The headline writers opt for the dramatic when it comes to describing the coming crucial week for Tony Blair.
With more than a nod towards a Hollywood epic the Sunday Telegraph plumps for "High Noon."
For the Independent on Sunday the next few days will be "Blair's moment of truth."
Both the Telegraph and the Sunday Times report that Tony Blair will be cleared of lying over the events that led to the death of the government weapons inspector, David Kelly.
Senior aides have told the Telegraph that he will be the only key player in the inquiry by Lord Hutton to escape censure.
But just who will be the focus prompts furious speculation.
The Telegraph says among those who will be criticised include Defence Secretary Geoff Hoon, Mr Blair's former director of communications, Alastair Campbell, BBC journalist Andrew Gilligan and the corporation's director-general, Greg Dyke.

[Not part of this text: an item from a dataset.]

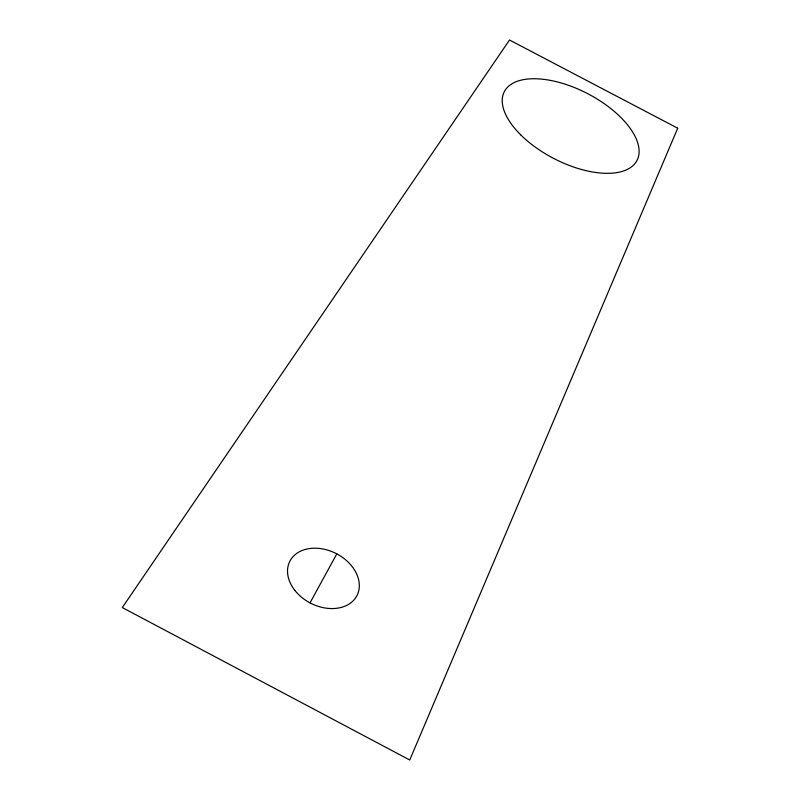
<?xml version="1.0" encoding="UTF-8"?>
<svg xmlns="http://www.w3.org/2000/svg" width="800" height="800" viewBox="0 0 800 800"><rect width="100%" height="100%" fill="white"/><g stroke="black" fill="none" stroke-linecap="round" stroke-linejoin="round"><path stroke-width="1.2" d="M310.02 602.88L336.81 553.87M677.71 128.21L409.74 760L122.29 607.55L509.51 40L677.71 128.21M520.72 134.85A74.73 36.58 27.4 0 0 636.18 161.86A74.73 36.58 27.4 0 0 555.11 81.39A74.73 36.58 27.4 0 0 520.72 134.85M294.77 590.28A37.7 27.92 27 0 0 356.49 596.45A37.7 27.92 27 0 0 319.01 548.4A37.7 27.92 27 0 0 294.77 590.28"/></g></svg>

The Times thinks that Downing Street has been "spinning like a top" to get out the message Tony Blair will escape largely unscathed from the Hutton report.
In an interview with the Observer, Mr Blair tells the paper he considers his job is "at risk" as he faces not only the Hutton report, but also a rebellion by his own backbenchers over tuition fees.
But he leaves the paper in no doubt that he is not contemplating defeat and he still expected to be prime minister by the end of the week.
'Blair on brink'
The paper's leader writer thinks Mr Blair is likely to survive the Hutton Inquiry - but it will be his own rebels who will eventually do for him.
The Independent devotes several inside pages to what it calls "Blair on the Brink".
The paper's political editor writes that the prime minister will survive, but asks at what cost.
It argues in its editorial that Labour MPs are fed up with receiving lectures on the importance of top-up fees from a prime minister who got it so wrong on weapons of mass destruction.
As the paper's columnist Steve Richards puts it, Lord Hutton will on Wednesday be a god-like figure shaping the immediate destinies of two mighty and mightily nervous institutions; the Labour government and the BBC.
Frontier police
The Sunday Express claims an exclusive on its front page saying that border guards are to be introduced in Britain to combat what the paper calls the massive influx of asylum seekers into the country.
The new frontier force will co-ordinate the work of immigration officers and Customs staff to make sure there is better control over who enters the UK.
Finally several of the papers report from Australia on the final preparations for the latest series of the reality television show, I'm a Celebrity, Get Me Out of Here.
As the Mail on Sunday points out the contestants - or as it calls them, the C-listers - all stand to gain a higher profile and lucrative rewards for their ordeal.
At a photo call on Saturday all ten were on hand. The Mail's tip to win is Kelly McFadden, who used to be in the pop group Atomic Kitten.
Her gimmick, says the paper, is just to be nice - and it reckons it might just work.